In years past, when mosquito nets were uncommon and antimalarial drugs weren't available, Gbassay turned to the forest for help when malaria struck.
Women rubbed ginger root or hot pepper all over their body and lay, covered with a blanket, next to a fire. They thought they could sweat the disease out of their bodies. Sometimes it worked, Gbassay said, but often it didn't.
After the birth, the new mothers and babies would lie next to the fire for 7 days, hardly moving. Why? Gbassay giggles. So the baby would be pink and healthy. Nobody does this anymore, she says.
The birth attendants now encourage women to go to Daru to deliver at the health post. As of April 2011, the Sierra Leone government requires that all health posts stop charging women to deliver and that an insecticide-treated malaria net be given to each mother after delivery.

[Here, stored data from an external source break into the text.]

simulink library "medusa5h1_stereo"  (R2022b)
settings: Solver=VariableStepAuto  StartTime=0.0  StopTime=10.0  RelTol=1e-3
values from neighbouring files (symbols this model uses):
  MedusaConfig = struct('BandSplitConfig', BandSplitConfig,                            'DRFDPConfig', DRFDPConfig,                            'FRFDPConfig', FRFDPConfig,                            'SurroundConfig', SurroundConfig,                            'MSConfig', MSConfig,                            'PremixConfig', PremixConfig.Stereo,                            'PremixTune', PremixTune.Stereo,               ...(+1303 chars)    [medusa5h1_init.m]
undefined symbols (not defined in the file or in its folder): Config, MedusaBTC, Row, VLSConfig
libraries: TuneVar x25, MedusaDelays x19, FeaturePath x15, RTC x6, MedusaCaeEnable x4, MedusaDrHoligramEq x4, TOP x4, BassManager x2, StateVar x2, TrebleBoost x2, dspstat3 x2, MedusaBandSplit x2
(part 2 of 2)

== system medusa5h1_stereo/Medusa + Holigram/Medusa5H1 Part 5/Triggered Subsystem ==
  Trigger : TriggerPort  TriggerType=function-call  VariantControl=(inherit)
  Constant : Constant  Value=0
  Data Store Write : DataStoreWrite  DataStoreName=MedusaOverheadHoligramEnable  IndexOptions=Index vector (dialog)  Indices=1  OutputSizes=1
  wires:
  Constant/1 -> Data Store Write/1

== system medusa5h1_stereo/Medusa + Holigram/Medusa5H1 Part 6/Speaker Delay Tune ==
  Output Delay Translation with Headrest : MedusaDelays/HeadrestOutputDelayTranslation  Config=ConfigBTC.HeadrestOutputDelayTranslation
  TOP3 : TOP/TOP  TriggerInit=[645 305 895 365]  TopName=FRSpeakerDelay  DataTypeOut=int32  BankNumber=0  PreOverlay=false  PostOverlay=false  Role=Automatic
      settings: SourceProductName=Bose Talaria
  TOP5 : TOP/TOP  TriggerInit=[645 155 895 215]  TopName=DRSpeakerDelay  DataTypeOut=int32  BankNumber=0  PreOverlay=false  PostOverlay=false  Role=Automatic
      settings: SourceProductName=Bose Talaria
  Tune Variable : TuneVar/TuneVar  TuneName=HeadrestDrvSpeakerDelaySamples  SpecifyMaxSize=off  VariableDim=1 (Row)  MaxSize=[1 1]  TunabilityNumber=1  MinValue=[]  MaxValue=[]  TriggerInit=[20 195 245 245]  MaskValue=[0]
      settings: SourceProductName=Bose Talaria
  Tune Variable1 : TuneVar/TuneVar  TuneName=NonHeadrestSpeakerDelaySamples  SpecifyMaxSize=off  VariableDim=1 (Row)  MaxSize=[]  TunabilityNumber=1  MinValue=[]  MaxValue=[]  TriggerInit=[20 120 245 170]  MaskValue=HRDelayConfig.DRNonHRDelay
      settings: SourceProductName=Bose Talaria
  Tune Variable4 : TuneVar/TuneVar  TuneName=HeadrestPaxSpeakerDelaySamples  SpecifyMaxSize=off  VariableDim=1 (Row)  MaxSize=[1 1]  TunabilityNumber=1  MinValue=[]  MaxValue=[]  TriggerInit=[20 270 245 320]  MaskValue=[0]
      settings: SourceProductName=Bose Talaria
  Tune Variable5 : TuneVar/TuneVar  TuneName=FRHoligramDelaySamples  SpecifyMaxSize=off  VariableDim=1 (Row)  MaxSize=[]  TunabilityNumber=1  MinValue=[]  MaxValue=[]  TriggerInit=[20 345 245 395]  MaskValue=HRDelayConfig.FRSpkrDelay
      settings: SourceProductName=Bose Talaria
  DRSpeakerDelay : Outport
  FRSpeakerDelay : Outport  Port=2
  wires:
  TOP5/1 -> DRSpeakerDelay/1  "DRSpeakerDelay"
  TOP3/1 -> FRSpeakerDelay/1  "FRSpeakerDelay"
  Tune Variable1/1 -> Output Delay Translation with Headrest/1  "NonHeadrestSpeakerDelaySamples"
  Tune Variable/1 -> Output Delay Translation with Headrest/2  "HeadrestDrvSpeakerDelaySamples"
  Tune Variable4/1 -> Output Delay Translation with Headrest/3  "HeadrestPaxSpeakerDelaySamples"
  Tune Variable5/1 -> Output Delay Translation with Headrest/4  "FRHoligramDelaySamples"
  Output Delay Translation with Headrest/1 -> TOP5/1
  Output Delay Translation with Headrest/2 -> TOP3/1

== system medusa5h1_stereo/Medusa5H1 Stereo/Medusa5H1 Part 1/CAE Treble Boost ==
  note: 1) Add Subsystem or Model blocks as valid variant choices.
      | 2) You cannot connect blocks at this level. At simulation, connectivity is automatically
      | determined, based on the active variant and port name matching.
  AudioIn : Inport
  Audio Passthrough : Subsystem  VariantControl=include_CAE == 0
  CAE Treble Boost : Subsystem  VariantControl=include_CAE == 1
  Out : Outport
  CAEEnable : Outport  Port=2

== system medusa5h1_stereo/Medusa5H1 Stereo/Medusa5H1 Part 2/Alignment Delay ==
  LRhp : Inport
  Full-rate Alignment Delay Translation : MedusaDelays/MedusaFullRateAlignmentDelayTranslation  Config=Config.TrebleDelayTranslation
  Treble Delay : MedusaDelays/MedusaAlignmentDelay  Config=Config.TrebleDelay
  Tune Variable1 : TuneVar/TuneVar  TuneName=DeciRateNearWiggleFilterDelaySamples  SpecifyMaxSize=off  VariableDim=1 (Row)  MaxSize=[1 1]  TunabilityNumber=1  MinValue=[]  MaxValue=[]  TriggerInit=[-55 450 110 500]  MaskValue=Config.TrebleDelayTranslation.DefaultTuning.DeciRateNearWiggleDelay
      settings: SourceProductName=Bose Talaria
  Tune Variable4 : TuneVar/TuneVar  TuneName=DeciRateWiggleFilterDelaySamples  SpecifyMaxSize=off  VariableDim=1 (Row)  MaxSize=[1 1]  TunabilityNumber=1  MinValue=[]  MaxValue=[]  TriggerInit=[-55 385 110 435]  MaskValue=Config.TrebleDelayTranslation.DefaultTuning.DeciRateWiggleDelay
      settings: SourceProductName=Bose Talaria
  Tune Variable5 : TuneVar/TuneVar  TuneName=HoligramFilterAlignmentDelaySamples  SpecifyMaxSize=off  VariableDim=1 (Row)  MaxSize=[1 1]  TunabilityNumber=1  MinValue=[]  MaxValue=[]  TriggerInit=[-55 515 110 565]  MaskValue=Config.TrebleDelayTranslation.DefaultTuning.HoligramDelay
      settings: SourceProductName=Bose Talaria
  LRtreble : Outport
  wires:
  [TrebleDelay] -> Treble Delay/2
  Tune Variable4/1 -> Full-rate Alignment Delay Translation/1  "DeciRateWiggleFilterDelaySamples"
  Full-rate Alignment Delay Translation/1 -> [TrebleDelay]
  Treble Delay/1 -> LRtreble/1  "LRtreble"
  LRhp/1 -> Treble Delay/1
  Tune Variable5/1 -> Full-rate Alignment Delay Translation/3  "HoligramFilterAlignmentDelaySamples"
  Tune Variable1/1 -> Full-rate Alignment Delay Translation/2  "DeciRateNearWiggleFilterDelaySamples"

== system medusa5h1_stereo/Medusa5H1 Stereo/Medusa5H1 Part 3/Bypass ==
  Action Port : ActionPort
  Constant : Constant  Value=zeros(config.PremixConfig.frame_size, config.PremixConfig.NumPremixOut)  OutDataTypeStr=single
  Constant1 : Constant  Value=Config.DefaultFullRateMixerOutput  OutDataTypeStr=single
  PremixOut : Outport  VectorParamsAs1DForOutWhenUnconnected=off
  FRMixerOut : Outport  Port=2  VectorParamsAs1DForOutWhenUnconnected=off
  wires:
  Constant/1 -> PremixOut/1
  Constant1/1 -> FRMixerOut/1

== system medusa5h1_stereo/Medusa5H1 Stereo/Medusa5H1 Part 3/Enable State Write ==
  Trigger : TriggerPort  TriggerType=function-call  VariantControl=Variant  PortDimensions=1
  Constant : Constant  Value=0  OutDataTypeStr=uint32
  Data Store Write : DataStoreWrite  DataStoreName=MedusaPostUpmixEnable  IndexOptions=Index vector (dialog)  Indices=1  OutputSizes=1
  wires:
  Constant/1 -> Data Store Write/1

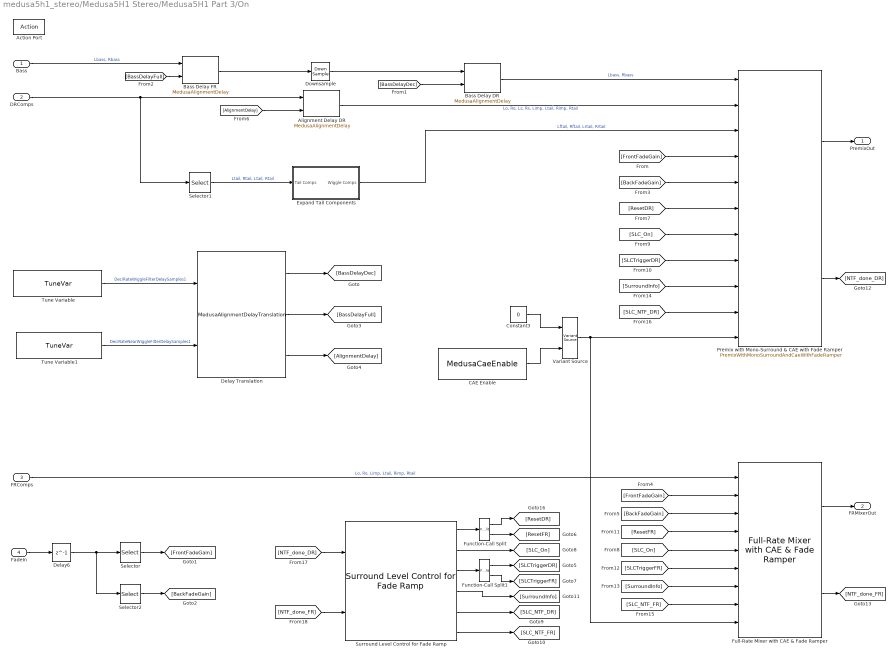
== system medusa5h1_stereo/Medusa5H1 Stereo/Medusa5H1 Part 3/On ==
  Bass : Inport  OutDataTypeStr=single
  DRComps : Inport  Port=2  OutDataTypeStr=single
  FRComps : Inport  Port=3  OutDataTypeStr=single
  FadeIn : Inport  Port=4  OutDataTypeStr=single
  Action Port : ActionPort
  Alignment Delay DR : MedusaDelays/MedusaAlignmentDelay  Config=Config.MidrangeDelay
  Bass Delay DR : MedusaDelays/MedusaAlignmentDelay  Config=Config.DeciRateBassDelay
  Bass Delay FR : MedusaDelays/MedusaAlignmentDelay  Config=Config.FullRateBassDelay
  CAE Enable : MedusaCaeEnable/MedusaCaeEnable  Config=Config.PremixCaeEnable  MaskMessageName=PremixCAEEnable
  Constant3 : Constant  Value=0  OutDataTypeStr=int32  SampleTime=-1
  Delay Translation : MedusaDelays/MedusaAlignmentDelayTranslation  Config=Config.AlignmentDelayTranslation
  Delay6 : Delay  DelayLength=1
  Downsample : DownSample  N=4
  Expand Tail Components : Subsystem  TreatAsAtomicUnit=on  RTWFileName=MedusaExpandTailComps
      settings: RTWSystemCode=Nonreusable function  RTWFileNameOpts=User specified  FunctionWithSeparateData=on
  Full-Rate Mixer with CAE & Fade Ramper : MedusaFullRateMixer/Full-Rate Mixer with CAE & Fade Ramper  MedusaFRMConfig=config.FRMConfig  MedusaFRMTune=config.FRMTune
  Function-Call Split : FunctionCallSplit  IconShape=distinctive  NumOutputPorts=2  OutputPortLayout=default
  Function-Call Split1 : FunctionCallSplit  IconShape=distinctive  NumOutputPorts=2  OutputPortLayout=default
  Premix with Mono-Surround & CAE with Fade Ramper : MedusaPremix/PremixWithMonoSurroundAndCaeWithFadeRamper  MedusaPremixConfig=config.PremixConfig  MedusaPremixTune=config.PremixTune  MSConfig=config.MSConfig
  Selector : Selector  NumberOfDimensions=2  InputPortWidth=2  IndexOptions=Index vector (dialog),Index vector (dialog)  Indices=1,1  OutputSizes=1,1
  Selector1 : Selector  NumberOfDimensions=2  InputPortWidth=3  IndexOptions=Select all,Index vector (dialog)  Indices=[1 3],[6 8 6 8]  OutputSizes=1,1
  Selector2 : Selector  NumberOfDimensions=2  InputPortWidth=2  IndexOptions=Index vector (dialog),Index vector (dialog)  Indices=1,2  OutputSizes=1,1
  Surround Level Control for Fade Ramp : MedusaSurroundLevelControl/Surround Level Control for Fade Ramp  SurroundConfig=config.SurroundConfig
  Tune Variable : TuneVar/TuneVar  TuneName=DeciRateWiggleFilterDelaySamples1  SpecifyMaxSize=off  VariableDim=1 (Row)  MaxSize=[1 1]  TunabilityNumber=1  MinValue=[]  MaxValue=[]  TriggerInit=[-70 585 100 635]  MaskValue=Config.AlignmentDelayTranslation.DefaultTuning.DeciRateWiggleDelay
      settings: SourceProductName=Bose Talaria
  Tune Variable1 : TuneVar/TuneVar  TuneName=DeciRateNearWiggleFilterDelaySamples1  SpecifyMaxSize=off  VariableDim=1 (Row)  MaxSize=[1 1]  TunabilityNumber=1  MinValue=[]  MaxValue=[]  TriggerInit=[-65 705 100 755]  MaskValue=Config.AlignmentDelayTranslation.DefaultTuning.DeciRateNearWiggleDelay
      settings: SourceProductName=Bose Talaria
  Variant Source : VariantSource
  PremixOut : Outport  VectorParamsAs1DForOutWhenUnconnected=off
  FRMixerOut : Outport  Port=2  VectorParamsAs1DForOutWhenUnconnected=off
  wires:
  Selector/1 -> [FrontFadeGain]
  Delay6/1 -> Selector/1, Selector2/1
  Selector2/1 -> [BackFadeGain]
  FadeIn/1 -> Delay6/1
  Bass Delay FR/1 -> Downsample/1
  Alignment Delay DR/1 -> Premix with Mono-Surround & CAE with Fade Ramper/2  "Lo, Ro, Ls, Rs, Limp, Ltail, Rimp, Rtail"
  DRComps/1 -> Selector1/1, Alignment Delay DR/1
  Selector1/1 -> Expand Tail Components/1(Tail Comps)  "Ltail, Rtail, Ltail, Rtail"
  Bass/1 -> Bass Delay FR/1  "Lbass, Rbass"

Back in the house, Hawa is getting ready to go to the health post for delivery. CRS will drive her there. She gingerly eases off the bed and waddles to the car. Her mother-in-law scurries around getting food (no cafeteria at rural health clinics in Africa) and fresh clothes ready.
After a slow 2-mile drive down a rutted road, Hawa walks into the delivery room.
Then the waiting begins.
It's a long, hot night, and Hawa doesn't sleep. In the morning, she still hasn't delivered. The pain was a false alarm.
She heads back to Benduma to wait. Gbassay will be by her side.
Lane Hartill recently was CRS'regional information officer for western and central Africa, and was based in Dakar, Senegal.